Author: Harvey Shapiro
Publisher: John Wiley & Sons
Published: 2018-05-08
Total Pages: 639
ISBN-13: 1118966678
DOWNLOAD EBOOKIn this comprehensive, multidisciplinary volume, experts from a wide range fields explore violence in education’s different forms, contributing factors, and contextual nature. With contributions from noted experts in a wide-range of scholarly and professional fields, The Wiley Handbook on Violence in Education offers original research and essays that address the troubling issue of violence in education. The authors show the different forms that violence takes in educational contexts, explore the factors that contribute to violence, and provide innovative perspectives and approaches for prevention and response. This multidisciplinary volume presents a range of rigorous research that examines violence from both micro- and macro- approaches. In its twenty-nine chapters, this comprehensive volume’s fifty-nine contributors, representing thirty-three universities from the United States and six other countries, examines violence’s distinctive forms and contributing factors. This much-needed volume: Addresses the complexities of violence in education with essays from experts in the fields of sociology, psychology, criminology, education, disabilities studies, forensic psychology, philosophy, and critical theory Explores the many forms of school violence including physical, verbal, linguistic, social, legal, religious, political, structural, and symbolic violence Reveals violence in education’s stratified nature in order to achieve a deeper understanding of the problem Demonstrates how violence in education is deeply situated in schools, communities, and the broader society and culture Offers new perspectives and proposals for prevention and response The Wiley Handbook on Violence in Education is designed to help researchers, educators, policy makers, and community leaders understand violence in educational settings and offers innovative, effective approaches to this difficult challenge.

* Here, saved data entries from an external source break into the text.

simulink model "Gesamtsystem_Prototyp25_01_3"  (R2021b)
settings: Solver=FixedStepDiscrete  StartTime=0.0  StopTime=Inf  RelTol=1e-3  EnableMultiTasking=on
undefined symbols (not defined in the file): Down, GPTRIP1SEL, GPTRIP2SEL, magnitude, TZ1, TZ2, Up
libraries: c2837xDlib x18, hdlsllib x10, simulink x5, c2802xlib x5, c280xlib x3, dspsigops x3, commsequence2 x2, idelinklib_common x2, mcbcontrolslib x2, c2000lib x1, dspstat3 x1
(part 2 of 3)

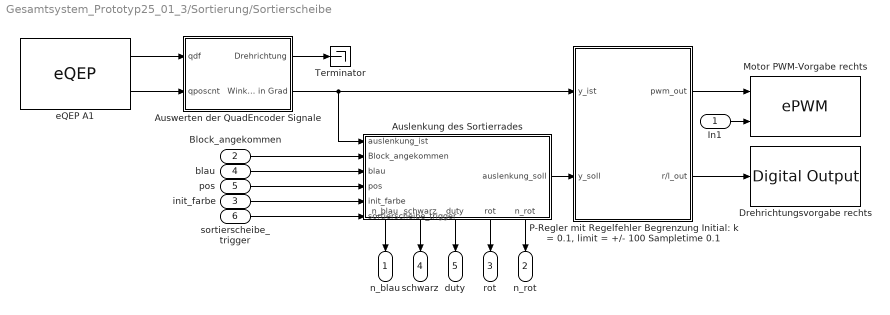
== system Gesamtsystem_Prototyp25_01_3/Sortierung/Sortierscheibe ==
  In1 : Inport
  Block_angekommen : Inport  Port=2
  init_farbe : Inport  Port=3
  blau : Inport  Port=4
  pos : Inport  Port=5
  sortierscheibe_trigger : Inport  Port=6
  Auslenkung des Sortierrades : Stateflow chart  TreatAsAtomicUnit=on
      settings: PortSchema="{\"entries\":[{\"content\":{\"sides\":[{\"content\":{\"connectorIds\":[\"In3\",\"In2\",\"In4\",\"In5\",\"In6\",\"In1\"]},\"type\":\"ConnectorPlacement.EquallySpacedRectSide\",\"uuid\":\"50e19062-f064-4bab-8c9d-33b65ef4a937\"},{\"content\":{\"connectorIds\":[\"Out5\"],\"side\":\"RIGHT\"},\"type\":\"ConnectorPlacement.EquallySpacedRectSide\",\"uuid\":\"30a7e15c-c340-43b9-b3db-9e571d923d3f\"},{\"content\":{\"connectorIds\":[],\"side\":\"TOP\"},\"type\":\"ConnectorPlacement.EquallySpacedRectSide\",\"uuid\":\"40fbcefe-2254-4087-9ee2-3aa6f0d07988\"},{\"content\":{\"connectorIds\":[\"Out4\",\"Out6\",\"Out2\",\"Out3\",\"Out1\"],\"side\":\"BOTTOM\"},\"type\":\"ConnectorPlacement.EquallySpacedRectSide\",\"uuid\":\"44f37ab7-e4d3-4b33-8443-86555161b992\"}]},\"type\":\"ConnectorPlacement.EquallySpacedConnector\",\"uuid\":\"9a2bc586-2b2b-4dda-85c2-1e199ea03007\"}],\"packageUris\":[\"http://schema.mathworks.com/mf0/Connector/R2020b\"],\"version\":\"1.0\"}"
  Auswerten der QuadEncoder Signale : Subsystem
  Drehrichtungsvorgabe rechts : c2837xDlib/Digital Output  GPIO_Number=GPIO88~GPIO95  GPIO_Bit0=off  GPIO_BIT0_Toggle=off  GPIO_Bit1=off  GPIO_BIT1_Toggle=off  GPIO_Bit2=off  GPIO_BIT2_Toggle=off  GPIO_Bit3=off  GPIO_BIT3_Toggle=off  GPIO_Bit4=off  GPIO_BIT4_Toggle=off  GPIO_Bit5=off  GPIO_BIT5_Toggle=off  GPIO_Bit6=on  GPIO_BIT6_Toggle=off  GPIO_Bit7=off  GPIO_BIT7_Toggle=off
      settings: SourceProductBaseCode=TIC2000
  Motor PWM-Vorgabe rechts : c2802xlib/ePWM  PwmType=C2000_Type4  useModule=ePWM6  ePWMxLINKTBPRD=Not Linked  periodUnits=Clock cycles  timerSource=Specify via dialog  timerPeriod_clk=64000  timerPeriod_sec=0.0001  tbshadow=Counter equals to zero  countingMode=Up-Down  phaseActiveEnable=Disable  phaseDirection=Count down after sync  phaseActive=0  synchronizationEnable=off  dcaevt1Sync=off  dcbevt1Sync=off  synchronizationOption=Disable  perSynchronizationOption=Counter equals to period (CTR=PRD)  clockPrescale=1  HSclockPrescale=1  enswap=off  ePWMxAStatus=on  ePWMxAactionLogic1=Set  ePWMxAactionLogic2=Clear  ePWMxAactionLogic3=Clear  ePWMxAactionLogic4=Set  ePWMxAactionLogic5=Do nothing  ePWMxAactionLogic6=Do nothing  ePWMxACSFenable=off  ePWMxACSFvalue=Forcing disable  ePWMxASFreload=Zero  ePWMxBStatus=on  ePWMxBactionLogic1=Set  ePWMxBactionLogic2=Clear  ePWMxBactionLogic3=Do nothing  ePWMxBactionLogic4=Do nothing  ePWMxBactionLogic5=Clear  ePWMxBactionLogic6=Set  ePWMxBCSFenable=off  ePWMxBCSFvalue=Forcing disable  ePWMxBSFreload=Zero  ePWNxBOutWay=off  ePWMxLINKCMPA=Not Linked  CMPAUnits=Percentages  CMPASource=Input port  CMPAValue_per=50  CMPAValue_clk=32000  enCMPAshadow=Counter equals to zero (CTR=Zero)  ePWMxLINKCMPB=Not Linked  CMPBUnits=Percentages  CMPBSource=Input port  CMPBValue_per=25  CMPBValue_clk=32000  enCMPBshadow=Counter equals to zero (CTR=Zero)  ePWMxLINKCMPC=Not Linked  CMPCUnits=Clock cycles  CMPCSource=Specify via dialog  CMPCValue_per=50  CMPCValue_clk=32000  enCMPCshadow=Counter equals to zero (CTR=Zero)  ePWMxLINKCMPD=Not Linked  CMPDUnits=Clock cycles  CMPDSource=Specify via dialog  CMPDValue_per=50  CMPDValue_clk=32000  enCMPDshadow=Counter equals to zero (CTR=Zero)  enableDBePWMxA=off  enableDBePWMxB=off  enhalfcycle=off  DBpolarity=Active high (AH)  DBedgeDelay=Positive  DBSource_ePWMxA=ePWMxA  DBSource_ePWMxB=ePWMxA  DBPeriodUnits=Clock cycles  DBperiodSource=Specify via dialog  REDperiod=0  FEDperiod=0  REDperiod_sec=0  FEDperiod_sec=0  LoadModeDBRED=Immediate without using shadow  LoadModeDBFED=Immediate without using shadow  adcstartModuleA=off  adcrequestEventA=First event  adcstartEventA=Digital Compare Module A Event 1 start of conversion (DCAEVT1.soc)  adcstartEventA_type2=Digital Compare Module A Event 1 start of conversion (DCAEVT1.soc)  adcstartModuleB=off  adcrequestEventB=First event  adcstartEventB=Counter equals to zero (CTR=Zero)  adcstartEventB_type2=Counter equals to zero (CTR=Zero)  intEn=off  intPrd=First event  intSel=Counter equals to zero (CTR=Zero)  intSel_type2=Counter equals to zero (CTR=Zero)  hrpe=off  enHRPWM=off  HRPWM_LoadMode=Counter equals to period (CTR=PRD)  HRPWM_CTLMode=Duty or Period control mode  HRPWM_EDGMode=Both edge  hrpeb=off  enHRPWMB=off  HRPWM_LoadModeB=Counter equals to zero (CTR=ZERO)  HRPWM_CTLModeB=Duty or Period control mode  HRPWM_EDGModeB=Both edge  enHRDBRED=off  enHRDBFED=off  enSFO=on  enautoconv=on  chopperEnable=off  chopperFrequency=1  chopperFirstwidth=1  chopperDuty=12.5%  tripZonesource=Specify via dialog  tzselOSHT1=off  tzselOSHT2=off  tzselOSHT3=off  tzselOSHDCAEV1=off  tzselOSHDCBEV1=off  tzselCBC1=off  tzselCBC2=off  tzselCBC3=off  tzselCBCDCAEV2=off  tzselCBCDCBEV2=off  tzselOSHT4=off  tzselOSHT5=off  tzselOSHT6=off  tzselCBC4=off  tzselCBC5=off  tzselCBC6=off  enTzOstIntr=off  enTzCbcIntr=off  enTzDCAEVT1Intr=off  enTzDCAEVT2Intr=off  enTzDCBEVT1Intr=off  enTzDCBEVT2Intr=off  ePWMxAforced=No action  ePWMxBforced=No action  DCAEVT1forced=No action  DCBEVT1forced=No action  DCAEVT2forced=No action  DCBEVT2forced=No action  dcah=Trip Zone 1 input (TZ1)  dcal=Trip Zone 2 input (TZ2)  dcbh=Trip Zone 1 input (TZ1)  dcbl=Trip Zone 2 input (TZ2)  dcah_type2=GPTRIP1SEL/(TZ1)  dcal_type2=GPTRIP2SEL/(TZ2)  dcbh_type2=GPTRIP1SEL/(TZ1)  dcbl_type2=GPTRIP2SEL/(TZ2)  gendcaevt1=Event disabled  gendcaevt2=Event disabled  gendcbevt1=Event disabled  gendcbevt2=Event disabled  dcaevt1src=DCAEVT1 with sync  dcaevt2src=DCAEVT2 with sync  dcbevt1src=DCBEVT1 with sync  dcbevt2src=DCBEVT2 with sync  pulsesel=Counter equals to zero (CTR=Zero)  blankinv=off  blankoffset=0  blankwidth=0  evsrcsel=Filtered version of DCAEVT1 (DCAEVT1FILT)  encape=off
  "P-Regler mit Regelfehler Begrenzung Initial: k = 0.1, limit = +/- 100 Sampletime 0.1" : Subsystem
  Terminator : Terminator
  eQEP A1 : c280xlib/eQEP  useModule=eQEP1  pcInputmode=Quadrature-count  externalClockrate=2x resolution: Count the rising/falling edge  swapPolarityselection=Clockwise  qdfOutputport=on  qapPolarityselection=off  qbpPolarityselection=off  qipPolarityselection=off  qspPolarityselection=off  igatePolarityselection=off  sampleTime=0.01  pcOutputport=on  pcMaximumvalue=4294967295  indexInitializationcheck=off  indexInitializationevent=Rising edge  strobeInitializationcheck=off  strobeInitializationevent=Rising edge  softwareInitializationcheck=off  softwareInitializationsource=Set to init value at start up  softwareInitializationmode=on  pcInitialvalue=2147483648  pcResetmode=Reset on an index event  ieloutputport=off  indexEventlatch=Rising edge  seloutputport=off  strobeEventlatch=Rising edge  pcefOutputport=off  enableEqepcapture=off  qctmrOutputport=off  qcprdOutputport=off  captureTimerprescaler=128  upEventprescaler=128  overflowErrorflag=off  directionErrorflag=off  captureTimerposition=On position counter read  unitTimerperiod=100000000  captureTimerlatch=off  capturePeriodlatch=off  positionCounterlatch=off  soenPolarityselection=off  spselPolarityselection=Index pin is used for sync output  compareValuesource=Specify via dialog  shadowMode=Load on QPOSCNT=0  compareValue=4294967295  syncOutputwidth=1  polaritySyncoutput=Active high  watchdogEnable=off  watchdogTimer=65535  outport1Datatype=auto  outport2Datatype=auto  outport3Datatype=auto  outport4Datatype=auto  outport5Datatype=auto  outport6Datatype=auto  outport7Datatype=auto  outport8Datatype=auto  outport9Datatype=auto  outport10Datatype=auto  outport11Datatype=auto  outport12Datatype=auto  eqepinterrupt_pce=off  eqepinterrupt_qpe=off  eqepinterrupt_qdc=off  eqepinterrupt_wto=off  eqepinterrupt_pcu=off  eqepinterrupt_pco=off  eqepinterrupt_pcr=off  eqepinterrupt_pcm=off  eqepinterrupt_sel=off  eqepinterrupt_iel=off  eqepinterrupt_uto=off  pheOutputport=off  watchdogOutputport=off  outport13Datatype=auto  outport14Datatype=auto
      settings: SourceProductBaseCode=TIC2000
  n_blau : Outport
  n_rot : Outport  Port=2
  rot : Outport  Port=3
  schwarz : Outport  Port=4
  duty : Outport  Port=5
  wires:
  In1/1 -> Motor PWM-Vorgabe rechts/2
  eQEP A1/1 -> Auswerten der QuadEncoder Signale/1(qdf)
  Auslenkung des Sortierrades/5(auslenkung_soll) -> "P-Regler mit Regelfehler Begrenzung Initial: k = 0.1, limit = +/- 100 Sampletime 0.1"/2(y_soll)
  "P-Regler mit Regelfehler Begrenzung Initial: k = 0.1, limit = +/- 100 Sampletime 0.1"/2(r/l_out) -> Drehrichtungsvorgabe rechts/1
  "P-Regler mit Regelfehler Begrenzung Initial: k = 0.1, limit = +/- 100 Sampletime 0.1"/1(pwm_out) -> Motor PWM-Vorgabe rechts/1
  Auswerten der QuadEncoder Signale/2(Winkel in Grad) -> Auslenkung des Sortierrades/3(auslenkung_ist), "P-Regler mit Regelfehler Begrenzung Initial: k = 0.1, limit = +/- 100 Sampletime 0.1"/1(y_ist)
  eQEP A1/2 -> Auswerten der QuadEncoder Signale/2(qposcnt)
  blau/1 -> Auslenkung des Sortierrades/4(blau)
  Block_angekommen/1 -> Auslenkung des Sortierrades/2(Block_angekommen)
  pos/1 -> Auslenkung des Sortierrades/5(pos)
  Auswerten der QuadEncoder Signale/1(Drehrichtung) -> Terminator/1
  Auslenkung des Sortierrades/1(n_rot) -> n_rot/1
  Auslenkung des Sortierrades/4(n_blau) -> n_blau/1
  Auslenkung des Sortierrades/3(rot) -> rot/1
  Auslenkung des Sortierrades/6(schwarz) -> schwarz/1
  Auslenkung des Sortierrades/2(duty) -> duty/1
  init_farbe/1 -> Auslenkung des Sortierrades/6(init_farbe)
  sortierscheibe_trigger/1 -> Auslenkung des Sortierrades/1(sortierscheibe_trigger)

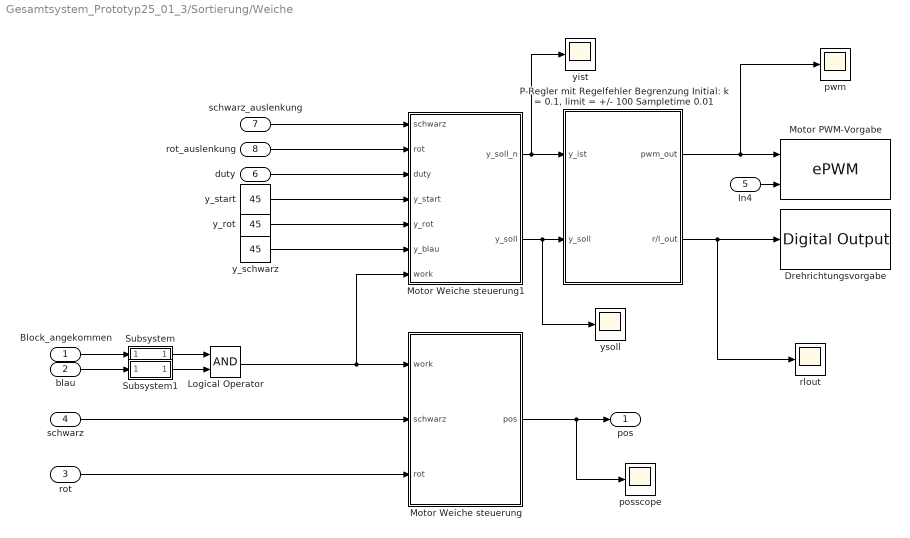
== system Gesamtsystem_Prototyp25_01_3/Sortierung/Weiche ==
  Block_angekommen : Inport
  blau : Inport  Port=2
  rot : Inport  Port=3
  schwarz : Inport  Port=4
  In4 : Inport  Port=5
  duty : Inport  Port=6
  schwarz_auslenkung : Inport  Port=7
  rot_auslenkung : Inport  Port=8
  Drehrichtungsvorgabe : c2837xDlib/Digital Output  GPIO_Number=GPIO120~GPIO127  GPIO_Bit0=off  GPIO_BIT0_Toggle=off  GPIO_Bit1=off  GPIO_BIT1_Toggle=off  GPIO_Bit2=off  GPIO_BIT2_Toggle=off  GPIO_Bit3=on  GPIO_BIT3_Toggle=off  GPIO_Bit4=off  GPIO_BIT4_Toggle=off  GPIO_Bit5=off  GPIO_BIT5_Toggle=off  GPIO_Bit6=off  GPIO_BIT6_Toggle=off  GPIO_Bit7=off  GPIO_BIT7_Toggle=off
      settings: SourceProductBaseCode=TIC2000
  Logical Operator : Logic  AllPortsSameDT=off  OutDataTypeStr=boolean
  Motor PWM-Vorgabe : c2802xlib/ePWM  PwmType=C2000_Type4  useModule=ePWM1  ePWMxLINKTBPRD=Not Linked  periodUnits=Clock cycles  timerSource=Specify via dialog  timerPeriod_clk=64000  timerPeriod_sec=0.0001  tbshadow=Counter equals to zero  countingMode=Up-Down  phaseActiveEnable=Disable  phaseDirection=Count down after sync  phaseActive=0  synchronizationEnable=off  dcaevt1Sync=off  dcbevt1Sync=off  synchronizationOption=Disable  perSynchronizationOption=Counter equals to period (CTR=PRD)  clockPrescale=1  HSclockPrescale=1  enswap=off  ePWMxAStatus=on  ePWMxAactionLogic1=Set  ePWMxAactionLogic2=Clear  ePWMxAactionLogic3=Clear  ePWMxAactionLogic4=Set  ePWMxAactionLogic5=Do nothing  ePWMxAactionLogic6=Do nothing  ePWMxACSFenable=off  ePWMxACSFvalue=Forcing disable  ePWMxASFreload=Zero  ePWMxBStatus=on  ePWMxBactionLogic1=Set  ePWMxBactionLogic2=Clear  ePWMxBactionLogic3=Do nothing  ePWMxBactionLogic4=Do nothing  ePWMxBactionLogic5=Clear  ePWMxBactionLogic6=Set  ePWMxBCSFenable=off  ePWMxBCSFvalue=Forcing disable  ePWMxBSFreload=Zero  ePWNxBOutWay=off  ePWMxLINKCMPA=Not Linked  CMPAUnits=Percentages  CMPASource=Input port  CMPAValue_per=50  CMPAValue_clk=32000  enCMPAshadow=Counter equals to zero (CTR=Zero)  ePWMxLINKCMPB=Not Linked  CMPBUnits=Percentages  CMPBSource=Input port  CMPBValue_per=25  CMPBValue_clk=32000  enCMPBshadow=Counter equals to zero (CTR=Zero)  ePWMxLINKCMPC=Not Linked  CMPCUnits=Clock cycles  CMPCSource=Specify via dialog  CMPCValue_per=50  CMPCValue_clk=32000  enCMPCshadow=Counter equals to zero (CTR=Zero)  ePWMxLINKCMPD=Not Linked  CMPDUnits=Clock cycles  CMPDSource=Specify via dialog  CMPDValue_per=50  CMPDValue_clk=32000  enCMPDshadow=Counter equals to zero (CTR=Zero)  enableDBePWMxA=off  enableDBePWMxB=off  enhalfcycle=off  DBpolarity=Active high (AH)  DBedgeDelay=Positive  DBSource_ePWMxA=ePWMxA  DBSource_ePWMxB=ePWMxA  DBPeriodUnits=Clock cycles  DBperiodSource=Specify via dialog  REDperiod=0  FEDperiod=0  REDperiod_sec=0  FEDperiod_sec=0  LoadModeDBRED=Immediate without using shadow  LoadModeDBFED=Immediate without using shadow  adcstartModuleA=off  adcrequestEventA=First event  adcstartEventA=Digital Compare Module A Event 1 start of conversion (DCAEVT1.soc)  adcstartEventA_type2=Digital Compare Module A Event 1 start of conversion (DCAEVT1.soc)  adcstartModuleB=off  adcrequestEventB=First event  adcstartEventB=Counter equals to zero (CTR=Zero)  adcstartEventB_type2=Counter equals to zero (CTR=Zero)  intEn=off  intPrd=First event  intSel=Counter equals to zero (CTR=Zero)  intSel_type2=Counter equals to zero (CTR=Zero)  hrpe=off  enHRPWM=off  HRPWM_LoadMode=Counter equals to period (CTR=PRD)  HRPWM_CTLMode=Duty or Period control mode  HRPWM_EDGMode=Both edge  hrpeb=off  enHRPWMB=off  HRPWM_LoadModeB=Counter equals to zero (CTR=ZERO)  HRPWM_CTLModeB=Duty or Period control mode  HRPWM_EDGModeB=Both edge  enHRDBRED=off  enHRDBFED=off  enSFO=on  enautoconv=on  chopperEnable=off  chopperFrequency=1  chopperFirstwidth=1  chopperDuty=12.5%  tripZonesource=Specify via dialog  tzselOSHT1=off  tzselOSHT2=off  tzselOSHT3=off  tzselOSHDCAEV1=off  tzselOSHDCBEV1=off  tzselCBC1=off  tzselCBC2=off  tzselCBC3=off  tzselCBCDCAEV2=off  tzselCBCDCBEV2=off  tzselOSHT4=off  tzselOSHT5=off  tzselOSHT6=off  tzselCBC4=off  tzselCBC5=off  tzselCBC6=off  enTzOstIntr=off  enTzCbcIntr=off  enTzDCAEVT1Intr=off  enTzDCAEVT2Intr=off  enTzDCBEVT1Intr=off  enTzDCBEVT2Intr=off  ePWMxAforced=No action  ePWMxBforced=No action  DCAEVT1forced=No action  DCBEVT1forced=No action  DCAEVT2forced=No action  DCBEVT2forced=No action  dcah=Trip Zone 1 input (TZ1)  dcal=Trip Zone 2 input (TZ2)  dcbh=Trip Zone 1 input (TZ1)  dcbl=Trip Zone 2 input (TZ2)  dcah_type2=GPTRIP1SEL/(TZ1)  dcal_type2=GPTRIP2SEL/(TZ2)  dcbh_type2=GPTRIP1SEL/(TZ1)  dcbl_type2=GPTRIP2SEL/(TZ2)  gendcaevt1=Event disabled  gendcaevt2=Event disabled  gendcbevt1=Event disabled  gendcbevt2=Event disabled  dcaevt1src=DCAEVT1 with sync  dcaevt2src=DCAEVT2 with sync  dcbevt1src=DCBEVT1 with sync  dcbevt2src=DCBEVT2 with sync  pulsesel=Counter equals to zero (CTR=Zero)  blankinv=off  blankoffset=0  blankwidth=0  evsrcsel=Filtered version of DCAEVT1 (DCAEVT1FILT)  encape=off
  Motor Weiche steuerung : Stateflow chart  TreatAsAtomicUnit=on
      settings: PortSchema="{\"entries\":[{\"content\":{\"sides\":[{\"content\":{\"connectorIds\":[\"In3\",\"In2\",\"In1\"]},\"type\":\"ConnectorPlacement.EquallySpacedRectSide\",\"uuid\":\"171d8009-52fc-4483-b4bb-3a0c0e7f0866\"},{\"content\":{\"connectorIds\":[\"Out1\"],\"side\":\"RIGHT\"},\"type\":\"ConnectorPlacement.EquallySpacedRectSide\",\"uuid\":\"a1e5e039-26f6-455c-94ae-620f09ecad1d\"},{\"content\":{\"connectorIds\":[],\"side\":\"TOP\"},\"type\":\"ConnectorPlacement.EquallySpacedRectSide\",\"uuid\":\"92e8292a-84f4-4654-b9a0-01a34f9604a2\"}]},\"type\":\"ConnectorPlacement.EquallySpacedConnector\",\"uuid\":\"f344f6ae-6777-4ef0-95d5-423a355c19db\"}],\"packageUris\":[\"http://schema.mathworks.com/mf0/Connector/R2020b\"],\"version\":\"1.0\"}"
  Motor Weiche steuerung1 : Stateflow chart  TreatAsAtomicUnit=on
      settings: PortSchema="{\"entries\":[{\"content\":{\"sides\":[{\"content\":{\"connectorIds\":[\"In2\",\"In1\",\"In7\",\"In4\",\"In5\",\"In6\",\"In3\"]},\"type\":\"ConnectorPlacement.EquallySpacedRectSide\",\"uuid\":\"171d8009-52fc-4483-b4bb-3a0c0e7f0866\"},{\"content\":{\"connectorIds\":[\"Out1\",\"Out2\"],\"side\":\"RIGHT\"},\"type\":\"ConnectorPlacement.EquallySpacedRectSide\",\"uuid\":\"a1e5e039-26f6-455c-94ae-620f09ecad1d\"},{\"content\":{\"connectorIds\":[],\"side\":\"TOP\"},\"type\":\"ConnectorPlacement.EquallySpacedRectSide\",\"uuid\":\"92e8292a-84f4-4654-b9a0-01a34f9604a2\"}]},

Author: William L. Lassiter
Publisher: Bloomsbury Publishing USA
Published: 2009-06-08
Total Pages: 246
ISBN-13: 0313353972
DOWNLOAD EBOOKA thorough overview of violence and crime in America's schools explores which solutions work and which don't, providing a framework for prevention at every level. Although it is major incidents like Columbine or Virginia Tech that grab the headlines, everyday occurrences of bullying, harassment, and physical intimidation in schools impact entire communities, driving kids out of public schools and destroying faith in public education. Preventing Violence and Crime in America's Schools: From Put-Downs to Lock-Downs provides educators, parents, law enforcement officials, and other youth-serving professionals with a unique perspective on the topic of school violence. More important, it offers solutions to the problems facing all schools when it comes to violence and safety. Two expert authors examine specifics relating to school violence, opportunities to prevent and intervene, and the importance of planning for a crisis. Most other books about school violence either highlight the research or highlight practitioner viewpoints. This revealing book presents both, balancing insights gained through real-world experiences with research on best practices. The result is a fuller understanding of the problem—understanding that will enable solutions.
Author:
Publisher:
Published: 2004
Total Pages: 20
ISBN-13:
DOWNLOAD EBOOKAuthor: Dana Goldstein
Publisher: Anchor
Published: 2015-08-04
Total Pages: 385
ISBN-13: 0345803620
DOWNLOAD EBOOKNEW YORK TIMES BESTSELLER • A groundbreaking history of 175 years of American education that brings the lessons of the past to bear on the dilemmas we face today—and brilliantly illuminates the path forward for public schools. “[A] lively account." —New York Times Book Review In The Teacher Wars, a rich, lively, and unprecedented history of public school teaching, Dana Goldstein reveals that teachers have been embattled for nearly two centuries. She uncovers the surprising roots of hot button issues, from teacher tenure to charter schools, and finds that recent popular ideas to improve schools—instituting merit pay, evaluating teachers by student test scores, ranking and firing veteran teachers, and recruiting “elite” graduates to teach—are all approaches that have been tried in the past without producing widespread change.
Author: Samantha Neiman
Publisher:
Published: 2009
Total Pages: 88
ISBN-13:
DOWNLOAD EBOOKAuthor: Ann Arnett Ferguson
Publisher: University of Michigan Press
Published: 2020-07-21
Total Pages: 293
ISBN-13: 047203782X
DOWNLOAD EBOOKBlack males are disproportionately "in trouble" and suspended from the nation’s school systems. This is as true now as it was when Ann Arnett Ferguson’s now classic Bad Boys was first published. Bad Boys offers a richly textured account of daily interactions between teachers and students in order to demonstrate how a group of eleven- and twelve-year-old males construct a sense of self under adverse circumstances. This new edition includes a foreword by Pedro A. Noguera, and an afterword and bibliographic essay by the author, all of which reflect on the continuing relevance of this work nearly two decades after its initial publication.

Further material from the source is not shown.